> Work to complete
Every line from the first record below down to the line that includes "line L0 (-2.5, -104.5)" must be reproduced exactly; the pictures are not.

(Dataset records)
.....
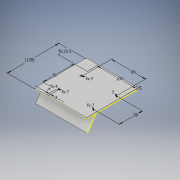
# Autodesk Inventor part: angle test
Saved by Autodesk Inventor 2019 (Build 230136000, 136)
## iProperties
Created: 2020-02-13
Part Number: angle test
Material: Generic
Document SubType Name: Modeling
Designer: close
Density: 1 g/cm^3
Appearance: Default
Author: close
Autodesk Inventor part; units mm, degrees
ref_plane "YZ Plane" through (0, 0, 0) normal (1, 0, 0) x (0, 1, 0)
ref_plane "XZ Plane" through (0, 0, 0) normal (0, 1, 0) x (-1, 0, 0)
ref_plane "XY Plane" through (0, 0, 0) normal (0, 0, 1) x (1, 0, 0)
sketch "Sketch1" plane through (0, 0, 0) normal (0, 1, 0) x (-1, 0, 0)
  line L0 (0, 0) -> (130, 0)
  line L1 (130, 0) -> (130, -130)
  line L2 (130, -130) -> (0, -130)
  line L3 (0, -130) -> (0, 0)
  dimension "d0" = 130
  dimension "d1" = 130
  constraints: 8 end point, 2 parallel, 1 horizontal, 1 perpendicular
  measures "d0" distance of L0.end L1.end
  measures "d1" distance of L1.end L2.end
extrude "Extrusion1" add sketch "Sketch1" along normal blind 2.5
sketch "Sketch2" plane through (0, 0, 0) normal (0, -1, 0) x (1, 0, 0)
  line L0 (-2.5, -104.5) -> (-102.5, -104.5) construction
  line L1 (-102.5, -104.5) -> (-102.5, -25.5) construction
  line L2 (-102.5, -25.5) -> (-2.5, -25.5) construction
  line L3 (-2.5, -25.5) -> (-2.5, -104.5) construction
  line L4 (-12.5, -87.5) -> (-98.5, -87.5) construction
  line L5 (-98.5, -87.5) -> (-98.5, -29.5) construction
  line L6 (-98.5, -29.5) -> (-12.5, -29.5) construction
  line L7 (-12.5, -29.5) -> (-12.5, -87.5) construction
  line L8 (0, 0) -> (-130, 0) construction
  line L9 (-130, -130) -> (0, -130) construction
  line L10 (-130, 0) -> (-130, -130) construction
  circle A0 centre (-12.5, -87.5) radius 3.5
  circle A1 centre (-98.5, -87.5) radius 3.5
  circle A2 centre (-12.5, -29.5) radius 3.5
  circle A3 centre (-98.5, -29.5) radius 3.5
  line L11 (0, -130) -> (0, 0) projected
  dimension "d4" = 86
  dimension "d5" = 58
  dimension "d6" = 100
  dimension "d7" = 79
  dimension "d8" = 4
  dimension "d9" = 4
  dimension "d10" = 130
  dimension "d11" = 25.5
  dimension "d13" = 7
  dimension "d14" = 7
  dimension "d15" = 7
  dimension "d16" = 7
  dimension "d27" = 2.5
  constraints: 16 end point, 8 coincident, 4 centre point, 4 parallel, 2 horizontal, 2 perpendicular
  measures "d4" distance of L4.start L4.end
  measures "d5" distance of L6.end L4.start
  measures "d6" distance of L0.start L0.end
  measures "d7" distance of L0.end L1.end
  measures "d8" distance from line of L1 L5.end
  measures "d9" distance between parallel lines of L2 L6
  measures "d10" distance between parallel lines of L8 L9
  measures "d11" distance between parallel lines of L0 L9
  measures "d13" diameter of A0
  measures "d14" diameter of A1
  measures "d15" diameter of A2
  measures "d16" diameter of A3
  measures "d27" distance between parallel lines of L11 L3
extrude "Extrusion2" add sketch "Sketch2" along normal blind 2.25
fillet "Fillet1" radius 1 4 edges at (-16, 0, -87.5) (-16, 0, -29.5) (-102, 0, -29.5) (-102, 0, -87.5)
sketch "Sketch3" plane through (-12.5, -2.25, -87.5) normal (0, -1, 0) x (1, 0, 0)
  circle A0 centre (0, 0) radius 3.5 construction
  circle A1 centre (-86, 0) radius 3.5 construction
  circle A2 centre (0, 58) radius 3.5 construction
  circle A3 centre (-86, 58) radius 3.5 construction
  circle A4 centre (0, 0) radius 4.5 construction
  circle A5 centre (-86, 58) radius 3.5 construction
  point P0 (12.5, 87.5)
  point P1 (0, 58)
  point P2 (-86, 58)
  constraints: 4 coincident
hole "Hole1" at (-12.5, -2.25, -87.5) at (-12.5, -2.25, -29.5) at (-98.5, -2.25, -29.5) at (-98.5, -2.25, -87.5) direction (0, 1, 0) diameter 2.013 depth 4.75 thread size "M2.5x0.45" class "6H" standard "ANSI Metric M Profile"
sketch "Sketch4" plane through (0, 0, 0) normal (1, 0, 0) x (0, 0, -1)
  line L0 (130, 0) -> (0, 0) projected
  line L1 (25.5, 0) -> (-8.1173, -48.0104) construction
  line L2 (25.5, 0) -> (2.5569, -32.7661)
  line L3 (2.5569, -32.7661) -> (1.7378, -32.1925)
  line L4 (1.7378, -32.1925) -> (24.2792, 0)
  line L5 (25.5, 0) -> (24.2792, 0)
  point P0 (25.5, 0)
  dimension "d28" = 55
  dimension "d29" = 0
  dimension "d30" = 1
  dimension "d31" = 40
  constraints: 10 end point, 3 point on line, 2 perpendicular, 1 horizontal
  measures "d28" angle of L1 L0
  measures "d29" distance of L1.start point (25.5, 0)
  measures "d30" distance between parallel lines of L1 L4
  measures "d31" distance of point (25.5, 0) L2.end
extrude "Extrusion3" add sketch "Sketch4" against normal blind 130
sketch "Sketch5" plane through (0, 2.5, 0) normal (1, 0, 0) x (0, 0, -1)
  line L0 (24.2792, -2.5) -> (1.7378, -34.6925) projected
  point P0 (0, -2.5)
equation "\"d9\" = d8"
equation "\"d11\" = -0.5 * d7 + 0.5 * d10"
equation "\"d14\" = d13"
equation "\"d15\" = d14"
equation "\"d16\" = d15"
body "Solid1"
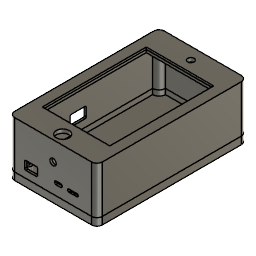
GNSS_BOX (Autodesk Fusion 360 design; units mm, degrees)
Autodesk Fusion 360 part; units mm, degrees
sketch "Sketch1" plane through (0, 0, 0) normal (0, 0, 1) x (1, 0, 0)
  line L0 (41, 70) -> (-41, 70)
  line L1 (-41, 70) -> (-41, -70)
  line L2 (-41, -70) -> (41, -70)
  line L3 (41, -70) -> (41, 70)
  line L4 (41, 70) -> (-41, -70) construction
  line L5 (-41, 70) -> (41, -70) construction
  dimension "d1" = 82
  dimension "d2" = 140
  constraint horizontal L0
  constraint perpendicular L0 L1
  constraint parallel L0 L2
  constraint parallel L1 L3
  constraint coincident L4 origin
  constraint coincident L5 origin
  measures "d1" distance of L1.end L2.end
  measures "d2" distance of L0.end L1.end
extrude "Extrude1" add sketch "Sketch1" along normal blind 2 makes body 1
sketch "Sketch2" plane through (0, 0, 2) normal (0, 0, 1) x (-1, 0, 0)
  line L0 (-41, 70) -> (-41, -70)
  line L1 (-41, -70) -> (41, -70)
  line L2 (41, -70) -> (41, 70)
  line L3 (41, 70) -> (-41, 70)
  line L4 (41, -70) -> (-41, -70)
  line L5 (-41, -70) -> (-41, 70)
  line L6 (-41, 70) -> (41, 70)
  line L7 (41, 70) -> (41, -70)
  line L8 (-39, 68) -> (39, 68)
  line L9 (39, 68) -> (39, -68)
  line L10 (39, -68) -> (-39, -68)
  line L11 (-39, -68) -> (-39, 68)
  dimension "d5" = 2
  constraint horizontal L4
  constraint vertical L5
  constraint horizontal L6
  constraint vertical L7
  constraint coincident L0.start L3.end
  constraint coincident L1.end L2.start
extrude "Extrude2" add sketch "Sketch2" along normal blind 5 bodies 1
sketch "Sketch3" plane through (0, 0, 2) normal (0, 0, 1) x (-1, 0, 0)
  line L0 (39, -68) -> (39, 68)
  line L1 (39, 68) -> (-39, 68)
  line L2 (-39, 68) -> (-39, -68)
  line L3 (-39, -68) -> (39, -68)
  circle A0 centre (-39, 68) radius 6
  circle A1 centre (-39, -68) radius 6
  circle A2 centre (39, 68) radius 6
  circle A3 centre (39, -68) radius 6
  dimension "d8" = 12
  dimension "d9" = 12
  dimension "d10" = 12
  dimension "d19" = 12
  constraint coincident L1.end L2.start
  constraint coincident L2.end L3.start
  constraint coincident L0.end L1.start
  constraint coincident L0.start L3.end
  measures "d8" diameter of A1
  measures "d9" diameter of A2
  measures "d10" diameter of A3
  measures "d19" diameter of A0
extrude "Extrude3" add sketch "Sketch3" along normal blind 5 contours L0 L3 A3 | L0 L1 A2 | L2 L3 A1 | L1 L2 A0 picked at (35.4982, -66.0879) picked at (35.0204, 67.7154) picked at (-35.1014, -67.1519) picked at (-35.0204, 67.7154) bodies 1
sketch "Sketch4" plane through (0, 0, 7) normal (0, 0, 1) x (-1, 0, 0)
  line L0 (33, -68) -> (-33, -68)
  arc A0 (-33, -68) -> (-39, -62) centre (-39, -68) ccw
  line L1 (-39, -62) -> (-39, 62)
  arc A1 (-39, 62) -> (-33, 68) centre (-39, 68) ccw
  line L2 (-33, 68) -> (33, 68)
  arc A2 (33, 68) -> (39, 62) centre (39, 68) ccw
  line L3 (39, 62) -> (39, -62)
  arc A3 (39, -62) -> (33, -68) centre (39, -68) ccw
  line L4 (41, 70) -> (-41, 70)
  line L5 (-41, 70) -> (-41, -70)
  line L6 (-41, -70) -> (41, -70)
  line L7 (41, -70) -> (41, 70)
  line L8 (-39, 68) -> (39, 68)
  line L9 (39, 68) -> (39, -68)
  line L10 (39, -68) -> (-39, -68)
  line L11 (-39, -68) -> (-39, 68)
  circle A4 centre (-37, -66) radius 1.25
  circle A5 centre (37, -66) radius 1.25
  circle A6 centre (-37, 66) radius 1.25
  circle A7 centre (37, 66) radius 1.25
  dimension "d21" = 2.5
  dimension "d23" = 2.5
  dimension "d28" = 2.5
  dimension "d29" = 2.5
  constraint horizontal L8
  constraint vertical L9
  constraint horizontal L10
  constraint vertical L11
  constraint coincident A3.centre L9.end
  constraint coincident A1.centre L8.start
  measures "d23" diameter of A5
  measures "d28" diameter of A6
  measures "d29" diameter of A7
extrude "Extrude4" cut sketch "Sketch4" against normal blind 7 contours A4 | A5 | A6 | A7 bodies 1
sketch "Sketch5" plane through (0, 0, 7) normal (0, 0, 1) x (-1, 0, 0)
  line L0 (-41, 70) -> (41, 70)
  line L1 (41, 70) -> (41, -70)
  line L2 (41, -70) -> (-41, -70)
  line L3 (-41, -70) -> (-41, 70)
  line L4 (39, -68) -> (-39, -68)
  line L5 (-39, -68) -> (-39, 68)
  line L6 (-39, 68) -> (39, 68)
  line L7 (39, 68) -> (39, -68)
  dimension "d30" = 2
  constraint horizontal L0
  constraint vertical L1
  constraint horizontal L2
  constraint vertical L3
extrude "Extrude6" add sketch "Sketch5" along normal blind 44 separate body makes body 2
sketch "Sketch7" plane through (39, 0, 0) normal (-1, 0, 0) x (0, -1, 0)
  line L0 (-68, 7) -> (68, 7)
  line L1 (68, 7) -> (68, 51)
  line L2 (68, 51) -> (-68, 51)
  line L3 (-68, 51) -> (-68, 7)
  line L4 (-68, 51) -> (68.0049, 51)
  line L5 (68.0049, 51) -> (68.0049, 49)
  line L6 (68.0049, 49) -> (-68, 49)
  line L7 (-68, 49) -> (-68, 51)
  dimension "d41" = 2
  constraint horizontal L4
  constraint vertical L5
  constraint horizontal L6
  constraint vertical L7
  constraint coincident L2.end L3.start
  measures "d41" distance of L2.end L6.end
extrude "Extrude7" add sketch "Sketch7" along normal blind 78 contours L1 L4 L5 L6 bodies 2
sketch "Sketch8" plane through (0, 0, 7) normal (0, 0, 1) x (-1, 0, 0)
  circle A0 centre (39, 68) radius 6
  circle A1 centre (-39, 68) radius 6
  circle A2 centre (-39, -68) radius 6
  circle A3 centre (39, -68) radius 6
  line L0 (39, 68) -> (-39, 68)
  line L1 (-39, 68) -> (-39, -68)
  line L2 (-39, -68) -> (39, -68)
  line L3 (39, -68) -> (39, 68)
  dimension "d44" = 12
  dimension "d45" = 12
  dimension "d46" = 12
  dimension "d47" = 12
  constraint horizontal L0
  constraint vertical L1
  constraint horizontal L2
  constraint vertical L3
  constraint coincident A2.centre L1.end
  constraint coincident A0.centre L0.start
  measures "d44" diameter of A0
  measures "d45" diameter of A1
  measures "d46" diameter of A2
  measures "d47" diameter of A3
extrude "Extrude8" add sketch "Sketch4" sketch "Sketch8" along normal blind 44 contours A0 L10 L11 of sketch 2 contours A0 L0 L3 | A1 L0 L1 | A3 L2 L3 picked at (35.0204, 67.7154) picked at (-35.1014, 67.1519) picked at (35.0204, -67.7154) bodies 2
sketch "Sketch9" plane through (0, 0, 7) normal (0, 0, 1) x (-1, 0, 0)
  circle A0 centre (37, -66) radius 1.25
  circle A1 centre (-37, -66) radius 1.25
  circle A2 centre (37, 66) radius 1.25
  circle A3 centre (-37, 66) radius 1.25
  dimension "d50" = 2.5
  dimension "d51" = 2.5
  dimension "d52" = 2.5
  dimension "d53" = 2.5
  measures "d50" diameter of A0
  measures "d51" diameter of A1
  measures "d52" diameter of A2
  measures "d53" diameter of A3
sketch "Sketch11" plane through (39, 0, 0) normal (-1, 0, 0) x (0, -1, 0)
  line L0 (-62, 51) -> (-62, 7)
  line L1 (-62, 7) -> (62, 7)
  line L2 (62, 7) -> (62, 51)
  line L3 (62, 51) -> (-62, 51)
  line L4 (-68, 51) -> (68, 51)
  line L5 (68, 51) -> (68, 47.5)
  line L6 (68, 47.5) -> (-68, 47.5)
  line L7 (-68, 47.5) -> (-68, 51)
  dimension "d60" = 3.5
  constraint horizontal L4
  constraint vertical L5
  constraint horizontal L6
  constraint vertical L7
  measures "d60" distance of L4.start L6.end
extrude "Extrude11" add sketch "Sketch11" along normal blind 78 contours L0 L2 L3 L4 L6 | L0 L4 L6 L7 | L2 L4 L5 L6 bodies 2
extrude "Extrude12" cut sketch "Sketch9" along normal blind 20 bodies 2
sketch "Sketch12" plane through (0, 0, 0) normal (0, 0, -1) x (1, 0, 0)
  circle A0 centre (37, -66) radius 1.25
  circle A1 centre (-37, 66) radius 1.25
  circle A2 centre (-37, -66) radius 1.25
.....
> Exercise result
# Autodesk Inventor part: angle test
Saved by Autodesk Inventor 2019 (Build 230136000, 136)
## iProperties
Created: 2020-02-13
Part Number: angle test
Material: Generic
Document SubType Name: Modeling
Designer: close
Density: 1 g/cm^3
Appearance: Default
Author: close
Autodesk Inventor part; units mm, degrees
ref_plane "YZ Plane" through (0, 0, 0) normal (1, 0, 0) x (0, 1, 0)
ref_plane "XZ Plane" through (0, 0, 0) normal (0, 1, 0) x (-1, 0, 0)
ref_plane "XY Plane" through (0, 0, 0) normal (0, 0, 1) x (1, 0, 0)
sketch "Sketch1" plane through (0, 0, 0) normal (0, 1, 0) x (-1, 0, 0)
  line L0 (0, 0) -> (130, 0)
  line L1 (130, 0) -> (130, -130)
  line L2 (130, -130) -> (0, -130)
  line L3 (0, -130) -> (0, 0)
  dimension "d0" = 130
  dimension "d1" = 130
  constraints: 8 end point, 2 parallel, 1 horizontal, 1 perpendicular
  measures "d0" distance of L0.end L1.end
  measures "d1" distance of L1.end L2.end
extrude "Extrusion1" add sketch "Sketch1" along normal blind 2.5
sketch "Sketch2" plane through (0, 0, 0) normal (0, -1, 0) x (1, 0, 0)
  line L0 (-2.5, -104.5) -> (-102.5, -104.5) construction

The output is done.